[Source data]
--- --- ---

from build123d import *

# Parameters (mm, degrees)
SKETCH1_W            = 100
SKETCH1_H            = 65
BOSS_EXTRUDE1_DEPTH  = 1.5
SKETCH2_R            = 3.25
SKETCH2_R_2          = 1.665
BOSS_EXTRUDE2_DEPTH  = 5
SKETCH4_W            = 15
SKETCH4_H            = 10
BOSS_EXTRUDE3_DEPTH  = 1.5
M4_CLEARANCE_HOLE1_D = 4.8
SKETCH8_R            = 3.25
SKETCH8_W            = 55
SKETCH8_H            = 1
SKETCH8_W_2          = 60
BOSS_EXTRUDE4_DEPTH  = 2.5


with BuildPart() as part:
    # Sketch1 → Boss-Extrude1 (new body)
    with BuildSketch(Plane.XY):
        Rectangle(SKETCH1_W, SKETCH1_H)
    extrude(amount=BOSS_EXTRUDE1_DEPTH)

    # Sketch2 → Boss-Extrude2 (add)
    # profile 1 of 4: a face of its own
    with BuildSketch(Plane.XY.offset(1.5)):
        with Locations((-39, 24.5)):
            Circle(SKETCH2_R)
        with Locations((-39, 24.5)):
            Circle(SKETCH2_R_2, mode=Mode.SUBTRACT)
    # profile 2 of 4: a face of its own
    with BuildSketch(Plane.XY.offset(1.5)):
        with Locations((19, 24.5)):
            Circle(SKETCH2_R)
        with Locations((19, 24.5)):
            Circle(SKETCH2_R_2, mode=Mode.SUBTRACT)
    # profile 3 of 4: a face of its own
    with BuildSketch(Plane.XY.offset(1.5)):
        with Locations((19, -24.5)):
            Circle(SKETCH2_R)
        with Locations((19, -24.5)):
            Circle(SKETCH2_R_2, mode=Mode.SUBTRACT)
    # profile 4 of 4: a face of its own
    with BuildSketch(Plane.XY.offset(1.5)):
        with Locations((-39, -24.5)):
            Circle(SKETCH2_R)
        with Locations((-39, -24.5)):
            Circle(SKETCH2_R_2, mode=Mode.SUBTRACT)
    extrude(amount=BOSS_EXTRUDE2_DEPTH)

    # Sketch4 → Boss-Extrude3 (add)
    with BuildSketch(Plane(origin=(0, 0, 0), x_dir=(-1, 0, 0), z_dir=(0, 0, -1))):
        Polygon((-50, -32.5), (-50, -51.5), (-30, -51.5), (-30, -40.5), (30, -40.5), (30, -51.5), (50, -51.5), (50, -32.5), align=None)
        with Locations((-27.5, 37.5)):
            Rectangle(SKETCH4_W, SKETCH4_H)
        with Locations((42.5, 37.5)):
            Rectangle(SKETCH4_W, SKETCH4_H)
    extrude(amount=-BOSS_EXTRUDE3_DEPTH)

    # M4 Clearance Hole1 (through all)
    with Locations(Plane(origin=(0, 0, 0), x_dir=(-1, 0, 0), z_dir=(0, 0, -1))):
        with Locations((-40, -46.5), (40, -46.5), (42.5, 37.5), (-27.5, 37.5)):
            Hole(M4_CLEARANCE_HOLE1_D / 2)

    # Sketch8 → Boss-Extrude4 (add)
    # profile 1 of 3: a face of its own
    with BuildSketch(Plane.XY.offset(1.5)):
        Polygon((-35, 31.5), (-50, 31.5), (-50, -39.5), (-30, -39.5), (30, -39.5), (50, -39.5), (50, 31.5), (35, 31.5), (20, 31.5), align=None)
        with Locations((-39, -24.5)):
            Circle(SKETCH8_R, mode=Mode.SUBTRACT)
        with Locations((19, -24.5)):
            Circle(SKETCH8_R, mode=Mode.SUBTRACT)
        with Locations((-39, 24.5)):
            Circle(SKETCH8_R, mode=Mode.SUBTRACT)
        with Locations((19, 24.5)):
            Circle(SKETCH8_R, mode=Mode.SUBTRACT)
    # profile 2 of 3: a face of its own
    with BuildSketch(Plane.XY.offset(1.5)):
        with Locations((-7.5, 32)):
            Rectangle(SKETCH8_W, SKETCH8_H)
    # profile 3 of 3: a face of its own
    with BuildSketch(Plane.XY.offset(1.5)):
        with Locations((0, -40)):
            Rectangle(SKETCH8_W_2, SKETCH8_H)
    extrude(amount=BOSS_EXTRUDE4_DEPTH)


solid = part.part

--- --- ---

**Exercise:** Find the word "Rectangle" in the entries above and gather every line that holds it.

**Answer box:**
        Rectangle(SKETCH1_W, SKETCH1_H)
            Rectangle(SKETCH4_W, SKETCH4_H)
            Rectangle(SKETCH4_W, SKETCH4_H)
            Rectangle(SKETCH8_W, SKETCH8_H)
            Rectangle(SKETCH8_W_2, SKETCH8_H)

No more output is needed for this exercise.